*** RECORDS SHOWN ***

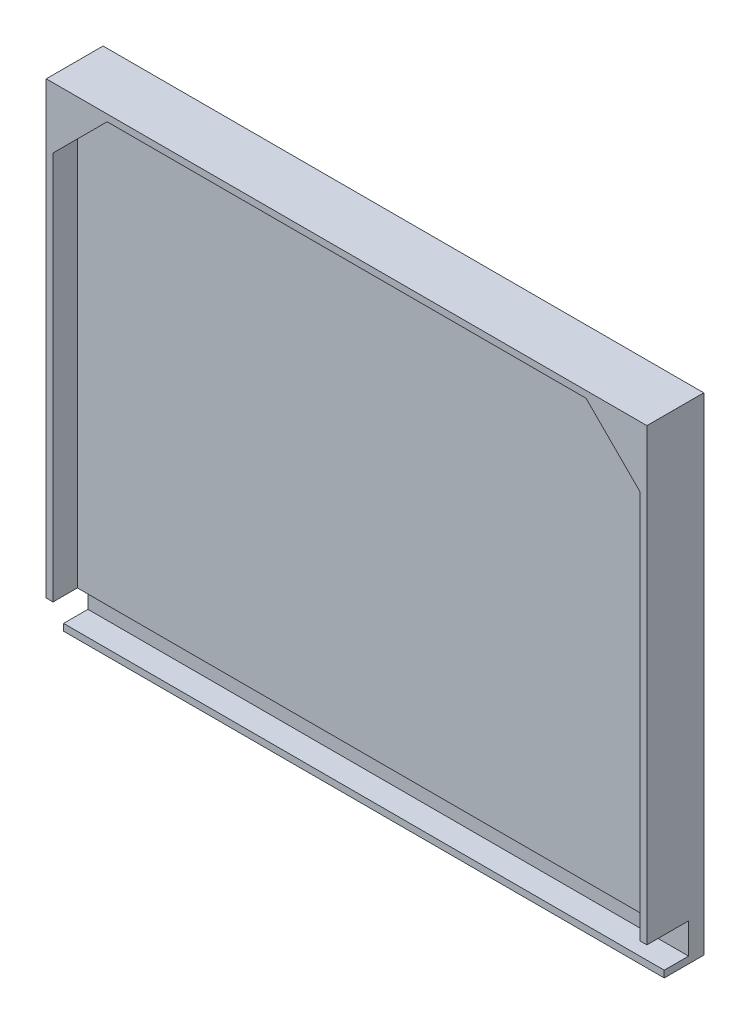
from build123d import *

# Parameters (mm, degrees)
SKETCH1_W            = 281.94
SKETCH1_H            = 228.6
BOSS_EXTRUDE2_DEPTH  = 25.4
SKETCH3_W            = 281.94
SKETCH3_H            = 17.526
CUT_EXTRUDE1_DEPTH   = 8.128
SKETCH4_W            = 11.43
SKETCH4_H            = 211.074
BOSS_EXTRUDE4_DEPTH  = 3.175
SKETCH5_W            = 278.765
SKETCH5_H            = 11.43
BOSS_EXTRUDE9_DEPTH  = 3.175
SKETCH9_W            = 11.43
SKETCH9_H            = 207.899
BOSS_EXTRUDE10_DEPTH = 3.175
SKETCH8_W            = 281.94
SKETCH8_H            = 11.43
BOSS_EXTRUDE11_DEPTH = 3.175
SKETCH10_W           = 281.94
SKETCH10_H           = 14.351
CUT_EXTRUDE2_DEPTH   = 10.16
SKETCH11_W           = 275.59
SKETCH11_H           = 207.899
CUT_EXTRUDE3_DEPTH   = 10.16
CUT_EXTRUDE4_DEPTH   = 10.16
SKETCH13_W           = 281.94
SKETCH13_H           = 3.175
CUT_EXTRUDE5_DEPTH   = 10.16
SHELL4_START         = -65.823170732
SHELL4_DEPTH         = 276.86
BOSS_EXTRUDE12_DEPTH = 3.175


# Read off the part's stored shape, not the designer's step: Shell4
with BuildPart() as part:
    # Sketch1 → Boss-Extrude2 (new body)
    with BuildSketch(Plane.XY):
        with Locations((72.606829268, 16.339634146)):
            Rectangle(SKETCH1_W, SKETCH1_H)
    extrude(amount=BOSS_EXTRUDE2_DEPTH)

    # Sketch3 → Cut-Extrude1 (cut)
    with BuildSketch(Plane.XY.offset(25.4)):
        with Locations((72.606829268, -89.197365854)):
            Rectangle(SKETCH3_W, SKETCH3_H)
    extrude(amount=-CUT_EXTRUDE1_DEPTH, mode=Mode.SUBTRACT)



with BuildPart() as body_2:
    # Sketch4 → Boss-Extrude4 (new body)
    with BuildSketch(Plane.ZY.offset(68.363170732)):
        with Locations((31.115, 25.102634146)):
            Rectangle(SKETCH4_W, SKETCH4_H)
    extrude(amount=-BOSS_EXTRUDE4_DEPTH)


with BuildPart() as part_1:
    add(part.part)

    add(body_2.part)  # Boss-Extrude9 merges body 2
    # Sketch5 → Boss-Extrude9 (add)
    with BuildSketch(Plane(origin=(0, 130.639634146, 0), x_dir=(1, 0, 0), z_dir=(0, 1, 0))):
        with Locations((74.194329268, -31.115)):
            Rectangle(SKETCH5_W, SKETCH5_H)
    extrude(amount=-BOSS_EXTRUDE9_DEPTH)

    # Sketch9 → Boss-Extrude10 (add)
    with BuildSketch(Plane(origin=(213.576829268, 0, 0), x_dir=(0, 0, -1), z_dir=(1, 0, 0))):
        with Locations((-31.115, 23.515134146)):
            Rectangle(SKETCH9_W, SKETCH9_H)
    extrude(amount=-BOSS_EXTRUDE10_DEPTH)


with BuildPart() as body_2_2:
    # Sketch8 → Boss-Extrude11 (new body)
    with BuildSketch(Plane.XZ.offset(97.960365854)):
        with Locations((72.606829268, 22.987)):
            Rectangle(SKETCH8_W, SKETCH8_H)
    extrude(amount=-BOSS_EXTRUDE11_DEPTH)

    # Combine1: union part
    add(part_1.part)

    # Sketch10 → Cut-Extrude2 (cut)
    with BuildSketch(Plane.XY.offset(17.272)):
        with Locations((72.606829268, -87.609865854)):
            Rectangle(SKETCH10_W, SKETCH10_H)
    extrude(amount=-CUT_EXTRUDE2_DEPTH, mode=Mode.SUBTRACT)

    # Sketch11 → Cut-Extrude3 (cut)
    with BuildSketch(Plane.XY.offset(25.4)):
        with Locations((72.606829268, 23.515134146)):
            Rectangle(SKETCH11_W, SKETCH11_H)
    extrude(amount=-CUT_EXTRUDE3_DEPTH, mode=Mode.SUBTRACT)

    # Sketch12 → Cut-Extrude4 (cut)
    with BuildSketch(Plane.XY.offset(36.83)):
        Polygon((-68.363170732, -80.434365854), (-65.188170732, -80.434365854), (-65.188170732, 127.464634146), (210.401829268, 127.464634146), (210.401829268, -80.434365854), (213.576829268, -80.434365854), (213.576829268, 130.639634146), (-68.363170732, 130.639634146), align=None)
    extrude(amount=-CUT_EXTRUDE4_DEPTH, mode=Mode.SUBTRACT)

    # Sketch13 → Cut-Extrude5 (cut)
    with BuildSketch(Plane.XY.offset(28.702)):
        with Locations((72.606829268, -96.372865854)):
            Rectangle(SKETCH13_W, SKETCH13_H)
    extrude(amount=-CUT_EXTRUDE5_DEPTH, mode=Mode.SUBTRACT)

    # Shell4 outline → Shell4 (cut)
    with BuildSketch(Plane.YZ.offset(SHELL4_START)):
        Polygon((-95.420365854, 4.572), (-95.420365854, 2.54), (128.099634146, 2.54), (128.099634146, 12.7), (-77.894365854, 12.7), (-77.894365854, 4.572), align=None)
    extrude(amount=SHELL4_DEPTH, mode=Mode.SUBTRACT)

    # Sketch14 → Boss-Extrude12 (add)
    with BuildSketch(Plane.XY.offset(26.67)):
        Polygon((-65.188170732, 102.064634146), (-39.788170732, 127.464634146), (-65.188170732, 127.464634146), align=None)
        Polygon((185.001829268, 127.464634146), (210.401829268, 102.064634146), (210.401829268, 127.464634146), align=None)
    extrude(amount=-BOSS_EXTRUDE12_DEPTH)


solid = body_2_2.part
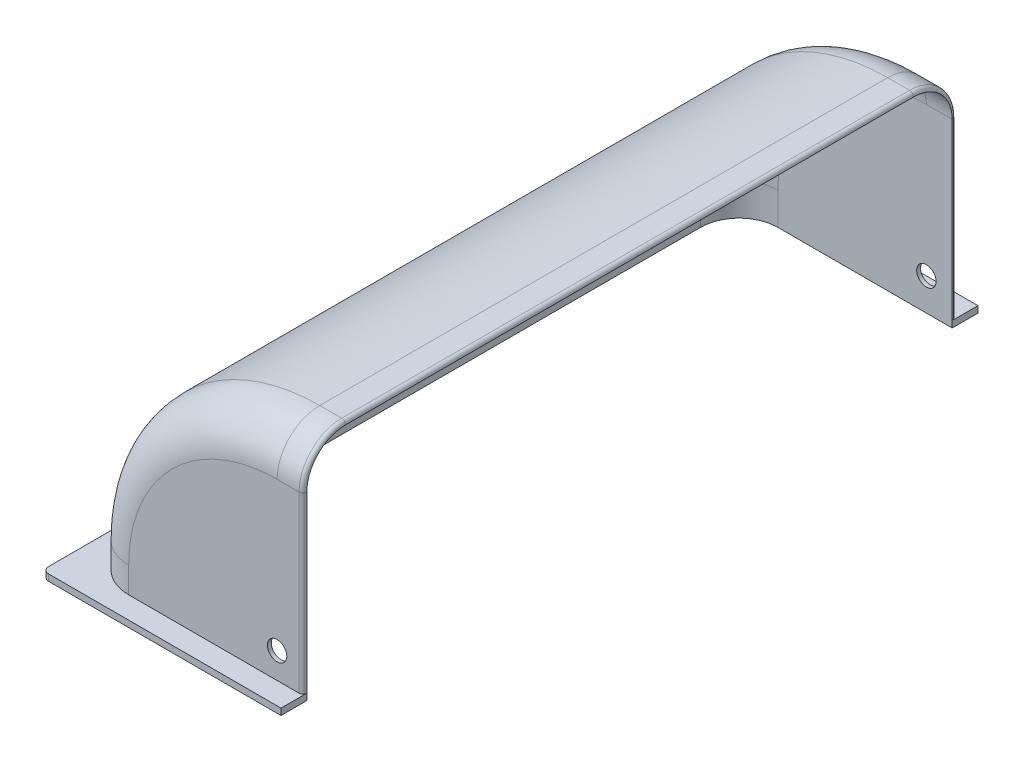
from build123d import *

# Parameters (mm, degrees)
BOSS_EXTRUDE1_DEPTH = 5
BOSS_EXTRUDE3_DEPTH = 20
FILLET5_R           = 30
FILLET6_R           = 33
FILLET4_R           = 5
REVOLVE3_ANGLE      = 90
BOSS_EXTRUDE4_DEPTH = 20
CUT_EXTRUDE1_REACH  = 577.05
SKETCH10_R          = 7.5
FILLET7_R           = 3


with BuildPart() as part:
    # Sketch1 → Boss-Extrude1 (new body)
    with BuildSketch(Plane(origin=(0, 0, 0), x_dir=(1, 0, 0), z_dir=(0, 1, 0))):
        Polygon((-165, 270), (-165, -270), (0, -270), (0, -250), (-145, -250), (-145, 250), (0, 250), (0, 270), align=None)
    extrude(amount=BOSS_EXTRUDE1_DEPTH)

    # Sketch7 → Boss-Extrude3 (add)
    with BuildSketch(Plane(origin=(0, 5, 0), x_dir=(1, 0, 0), z_dir=(0, 1, 0))):
        Polygon((0, 253), (-148, 253), (-148, -253), (0, -253), (0, -250), (-145, -250), (-145, 250), (0, 250), align=None)
    extrude(amount=BOSS_EXTRUDE3_DEPTH)

    # Fillet5
    fillet5_edges = [part.edges().sort_by_distance(p)[0] for p in [
        (-145, 12.5, -250),
        (-145, 12.5, 250),
    ]]
    fillet(fillet5_edges, radius=FILLET5_R)

    # Fillet6
    fillet6_edges = [part.edges().sort_by_distance(p)[0] for p in [
        (-148, 15, -253),
        (-148, 15, 253),
    ]]
    fillet(fillet6_edges, radius=FILLET6_R)

    # Fillet4
    fillet4_edges = [part.edges().sort_by_distance(p)[0] for p in [
        (-165, 2.5, 270),
        (-165, 2.5, -270),
    ]]
    fillet(fillet4_edges, radius=FILLET4_R)

    # Sketch8 → Revolve3 (revolve)
    with BuildSketch(Plane(origin=(0, 25, 0), x_dir=(1, 0, 0), z_dir=(0, 1, 0))):
        with BuildLine():
            Line((0, 253), (-115, 253))
            ThreePointArc((-115, 253), (-138.334523779, 243.334523779), (-148, 220))
            Line((-148, 220), (-148, -220))
            ThreePointArc((-148, -220), (-138.334523779, -243.334523779), (-115, -253))
            Line((-115, -253), (0, -253))
            Line((0, -253), (0, -250))
            Line((0, -250), (-115, -250))
            ThreePointArc((-115, -250), (-136.213203436, -241.213203436), (-145, -220))
            Line((-145, -220), (-145, 220))
            ThreePointArc((-145, 220), (-136.213203436, 241.213203436), (-115, 250))
            Line((-115, 250), (0, 250))
            Line((0, 250), (0, 253))
        make_face()
    revolve(axis=Axis((0, 25, -250), (0, 0, -1)), revolution_arc=REVOLVE3_ANGLE)

    # Sketch9 → Boss-Extrude4 (add)
    with BuildSketch(Plane(origin=(0, 0, 0), x_dir=(0, 0, -1), z_dir=(1, 0, 0))):
        with BuildLine():
            Line((253, 25), (253, 140))
            ThreePointArc((253, 140), (243.334523779, 163.334523779), (220, 173))
            Line((220, 173), (-220, 173))
            ThreePointArc((-220, 173), (-243.334523779, 163.334523779), (-253, 140))
            Line((-253, 140), (-253, 25))
            Line((-253, 25), (-253, 5))
            Line((-253, 5), (-270, 5))
            Line((-270, 5), (-270, 0))
            Line((-270, 0), (-250, 0))
            Line((-250, 0), (-250, 25))
            Line((-250, 25), (-250, 140))
            ThreePointArc((-250, 140), (-241.213203436, 161.213203436), (-220, 170))
            Line((-220, 170), (220, 170))
            ThreePointArc((220, 170), (241.213203436, 161.213203436), (250, 140))
            Line((250, 140), (250, 25))
            Line((250, 25), (250, 0))
            Line((250, 0), (270, 0))
            Line((270, 0), (270, 5))
            Line((270, 5), (253, 5))
            Line((253, 5), (253, 25))
        make_face()
    extrude(amount=BOSS_EXTRUDE4_DEPTH)

    # Cut-Extrude1: up to this face of the body (flat: up to its plane)
    cut_extrude1_end = Plane(part.part.faces().sort_by_distance((-39.787657223, 64.787657223, -253))[0])
    # Sketch10 → Cut-Extrude1 (cut, up to the picked face)
    with BuildSketch(Plane.XY.offset(253), mode=Mode.PRIVATE) as cut_extrude1_sk1:
        with Locations((0, 25)):
            Circle(SKETCH10_R)
    cut_extrude1_tool1 = split(extrude(cut_extrude1_sk1.sketch, amount=-CUT_EXTRUDE1_REACH, mode=Mode.PRIVATE), bisect_by=cut_extrude1_end, keep=Keep.BOTH, mode=Mode.PRIVATE)
    add(cut_extrude1_tool1.solids().sort_by(Axis((0, 25, 253), (0, 0, -1)))[0], mode=Mode.SUBTRACT)

    # Fillet7
    fillet7_edges = [part.edges().sort_by_distance(p)[0] for p in [
        (20, 72.5, -253),
        (20, 163.334523779, -243.334523779),
        (20, 173, 0),
        (20, 163.334523779, 243.334523779),
        (20, 72.5, 253),
    ]]
    fillet(fillet7_edges, radius=FILLET7_R - 0.0001)  # a hair under: the kernel refuses the full size


solid = part.part
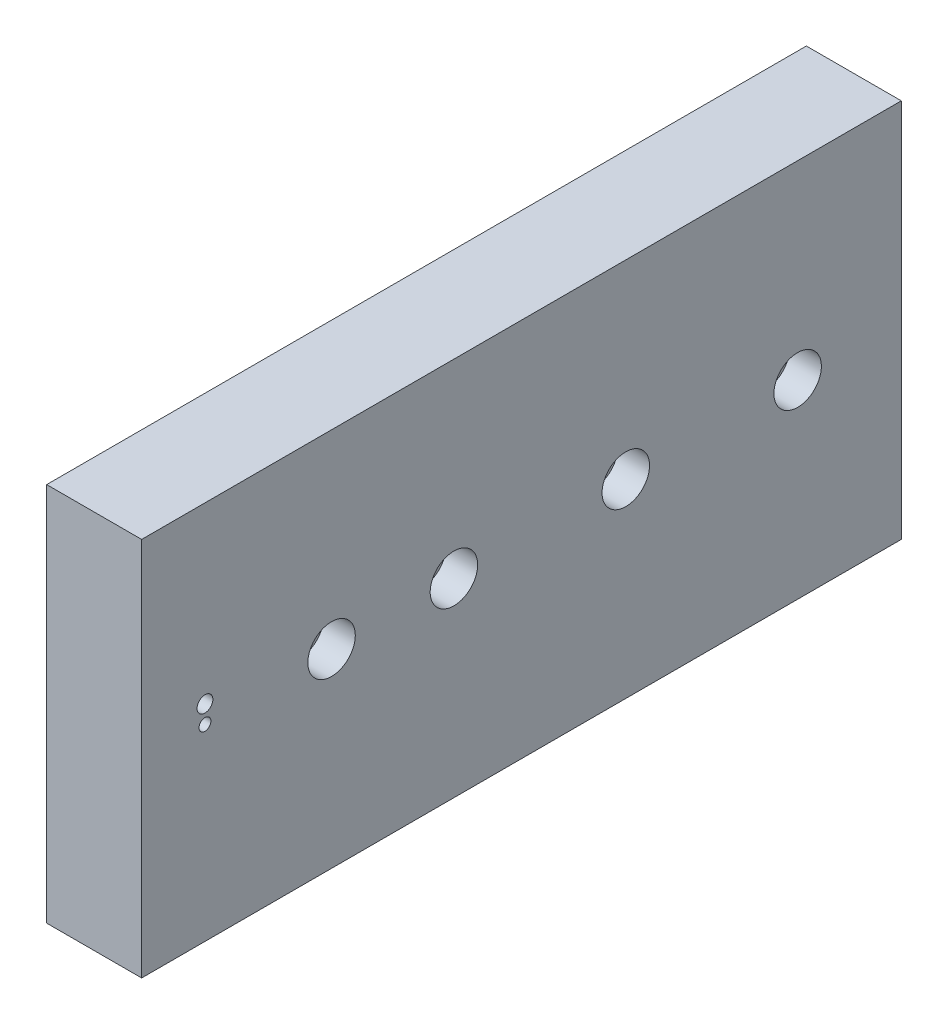
from build123d import *

# Parameters (mm, degrees)
SKETCH1_W           = 152.4
SKETCH1_H           = 76.2
SKETCH1_R           = 1.5875
SKETCH1_R_2         = 1.190625
BOSS_EXTRUDE1_DEPTH = 19.05
SKETCH3_R           = 4.7625
CUT_EXTRUDE2_DEPTH  = 6.35


with BuildPart() as part:
    # Sketch1 → Boss-Extrude1 (new body)
    with BuildSketch(Plane(origin=(0, 0, 0), x_dir=(0, 0, -1), z_dir=(1, 0, 0))):
        Rectangle(SKETCH1_W, SKETCH1_H)
        with Locations(Location((-38.1, 0, 0), (0, 0, 180))):
            Circle(SKETCH1_R, mode=Mode.SUBTRACT)
        with Locations(Location((-13.55, 0, 0), (0, 0, 180))):
            Circle(SKETCH1_R, mode=Mode.SUBTRACT)
        with Locations(Location((20.927, 0, 0), (0, 0, 180))):
            Circle(SKETCH1_R, mode=Mode.SUBTRACT)
        with Locations(Location((55.404, 0, 0), (0, 0, 180))):
            Circle(SKETCH1_R, mode=Mode.SUBTRACT)
        with Locations(Location((-63.5, -0.396875, 0), (0, 0, 180))):
            Circle(SKETCH1_R_2, mode=Mode.SUBTRACT)
        with Locations(Location((-63.5, 3.175, 0), (0, 0, 180))):
            Circle(SKETCH1_R, mode=Mode.SUBTRACT)
    extrude(amount=BOSS_EXTRUDE1_DEPTH)

    # Sketch3 → Cut-Extrude2 (cut)
    with BuildSketch(Plane(origin=(19.05, 0, 0), x_dir=(0, 0, -1), z_dir=(1, 0, 0))):
        with Locations((-38.1, 0)):
            Circle(SKETCH3_R)
        with Locations((-13.55, 0)):
            Circle(SKETCH3_R)
        with Locations((20.927, 0)):
            Circle(SKETCH3_R)
        with Locations((55.404, 0)):
            Circle(SKETCH3_R)
    extrude(amount=-CUT_EXTRUDE2_DEPTH, mode=Mode.SUBTRACT)

    # 1/4 (0.25) Diameter Hole1: read off the stored shape, not the designer's step
    # 1/4 (0.25) Diameter Hole1 outline → 1/4 (0.25) Diameter Hole1 (revolve, cut)
    with BuildSketch(Plane(origin=(9.525, 0, 57.15), x_dir=(1, 0, 0), z_dir=(0, 0, 1))):
        Polygon((3.175, -25.4), (0, -23.492267535), (0, -38.1), (3.175, -38.1), align=None)
    revolve(axis=Axis((9.525, 0, 57.15), (0, 1, 0)), mode=Mode.SUBTRACT)

    # 1_4 _0.25_ Diameter Hole1 2 outline → 1_4 _0.25_ Diameter Hole1 2 (revolve, cut)
    with BuildSketch(Plane(origin=(9.525, 0, 0), x_dir=(1, 0, 0), z_dir=(0, 0, 1))):
        Polygon((3.175, -25.4), (0, -23.492267535), (0, -38.1), (3.175, -38.1), align=None)
    revolve(axis=Axis((9.525, 0, 0), (0, 1, 0)), mode=Mode.SUBTRACT)

    # 1_4 _0.25_ Diameter Hole1 3 outline → 1_4 _0.25_ Diameter Hole1 3 (revolve, cut)
    with BuildSketch(Plane(origin=(9.525, 0, -63.5), x_dir=(1, 0, 0), z_dir=(0, 0, 1))):
        Polygon((3.175, -25.4), (0, -23.492267535), (0, -38.1), (3.175, -38.1), align=None)
    revolve(axis=Axis((9.525, 0, -63.5), (0, 1, 0)), mode=Mode.SUBTRACT)


solid = part.part
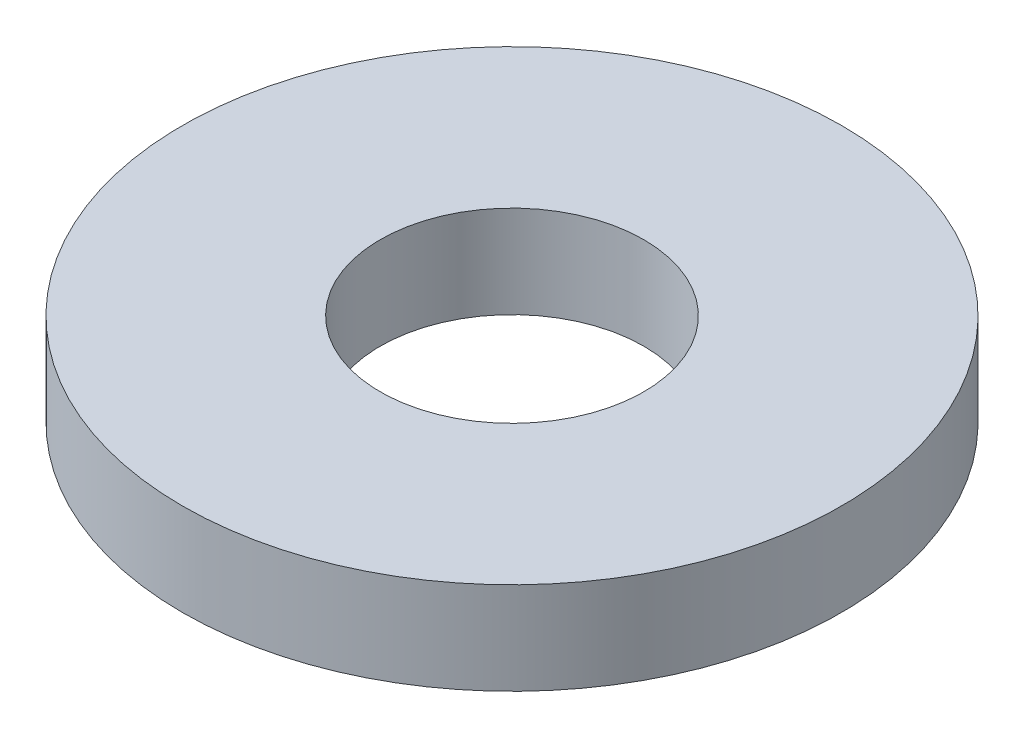
from build123d import *

# Parameters (mm, degrees)
SKETCH1_R           = 75
BOSS_EXTRUDE1_DEPTH = 21
SKETCH2_R           = 30
CUT_EXTRUDE1_DEPTH  = 109.124927746


with BuildPart() as part:
    # Sketch1 → Boss-Extrude1 (new body)
    with BuildSketch(Plane(origin=(0, 0, 0), x_dir=(1, 0, 0), z_dir=(0, 1, 0))):
        Circle(SKETCH1_R)
    extrude(amount=BOSS_EXTRUDE1_DEPTH)

    # Sketch2 → Cut-Extrude1 (cut, through all)
    with BuildSketch(Plane(origin=(0, 0, 0), x_dir=(1, 0, 0), z_dir=(0, 1, 0))):
        Circle(SKETCH2_R)
    extrude(amount=CUT_EXTRUDE1_DEPTH, mode=Mode.SUBTRACT)


solid = part.part

***

▸ WORK REQUEST: Find each line in the material above that carries the string "shape", and copy it.

▸ TASK ANSWER:
# Read off the part's stored shape, not the designer's step: Shell4
    # 1/4 (0.25) Diameter Hole1: read off the stored shape, not the designer's step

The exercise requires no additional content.